Das Neue dieser neuen Medien besteht vor allem darin, dass ihre Inhalte von den Nutzern selbst produziert werden. Kein Zukunftsforscher hätte voraussehen können, dass das Blogging eine neue Form der Öffentlichkeit geschaffen hat, in der alle für­einander Publikum sind. Die barrierefreie Öffentlichkeit ist heute eine Selbstverständlichkeit geworden. Die neuen Medientechniken sind weniger Werkzeuge als Prozesse. Die Nutzer werden zu Entwicklern, und die Medien werden im Prozess der Nutzung ständig neu definiert.

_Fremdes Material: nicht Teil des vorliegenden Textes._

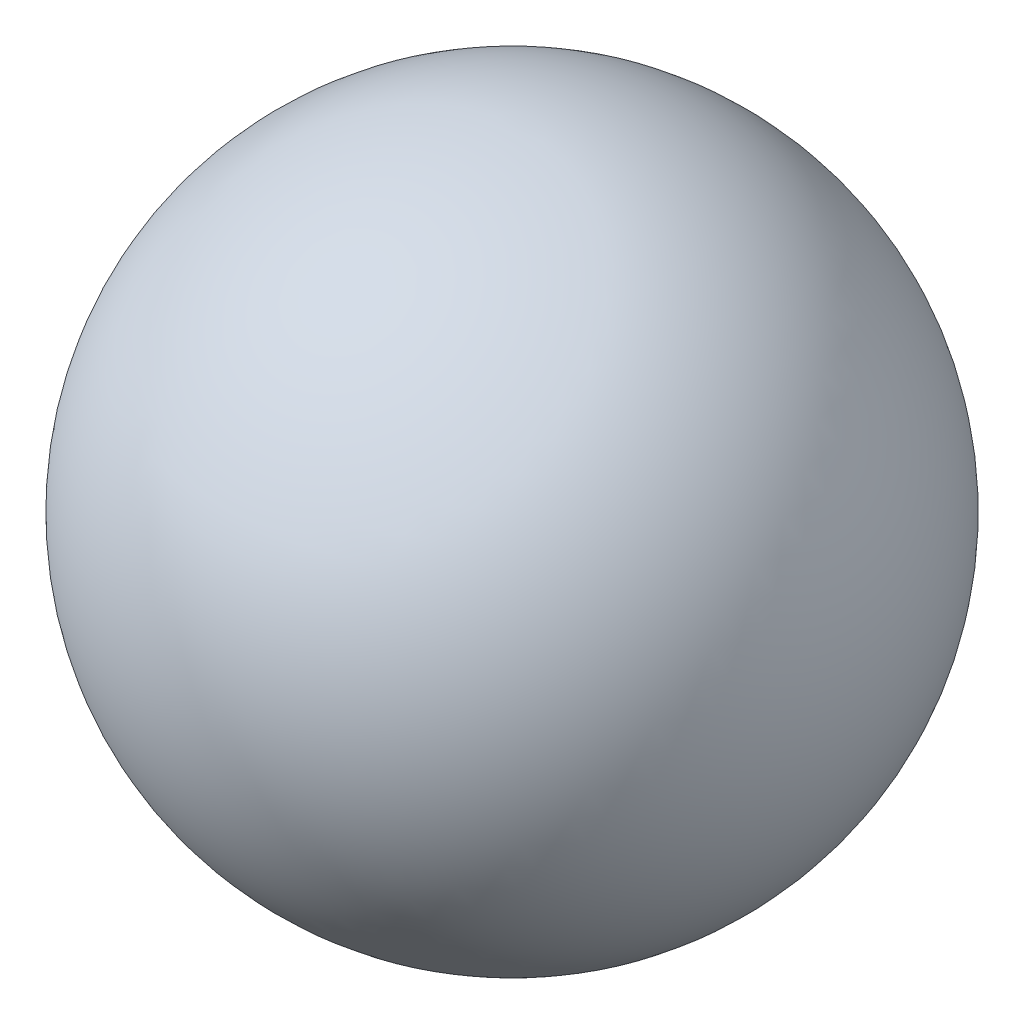
SolidWorks part; units mm, degrees
ref_plane "前基準面" through (0, 0, 0) normal (0, 0, 1) x (1, 0, 0)
ref_plane "上基準面" through (0, 0, 0) normal (0, 1, 0) x (1, 0, 0)
ref_plane "右基準面" through (0, 0, 0) normal (1, 0, 0) x (0, 0, -1)
ref_plane "平面1"
sketch "草圖1" plane through (0, 0, 0) normal (0, 0, 1) x (1, 0, 0)
  line L0 (0, 0) -> (0, 30)
  line L1 (0, -30) -> (0, 0)
  line L2 (0, 0) -> (0, -30) construction
  arc A0 (0, -30) -> (0, 30) centre (0, 0) ccw
  dimension "D1" = 60
revolve "迴轉1" add sketch "草圖1" angle 360 about L2

An die Stelle der Rezeption tritt die Partizipation. Nicht nur der Autor, sondern auch der Leser verschwindet. So ist es für die neuen Medien charakteristisch, dass man erst publiziert und dann filtert. Hinzu kommt, dass es keine Werke mehr gibt. Überall setzen sich neue Kulturtechniken durch, die der Kultur der Gutenberg-Galaxis den Garaus machen: cut & paste, link & tag, copy & remix.

Ein Modewort unserer Zeit lautet Cloud-Computing: Rechenleistung als öffentliches Gut. Tatsächlich verstehen die Aktivisten das Internet als das öffentliche Gut schlechthin. Um seine Dynamik und sein schöpferisches Potenzial zu verstehen, muss man begreifen, dass es hier um die Bildung von Sozialkapital geht. Sozialkapital besteht aus Verknüpfungen, Beziehungen und Positionen. Wer sinnvoll über soziale Gerechtigkeit sprechen möchte, darf sich nicht mehr von der „sozialen Frage“ des 19. Jahrhunderts blenden lassen. Wir müssen das neue Soziale denken, das sich heute über Prozesse der Selbstorganisation in Netzwerken bildet. ▪

Prof. Dr. Norbert Bolz lehrt an der TU Berlin Medienwissenschaft. Der Kommunikationstheoretiker beschäftigt sich mit den Veränderungen der modernen Gesellschaft.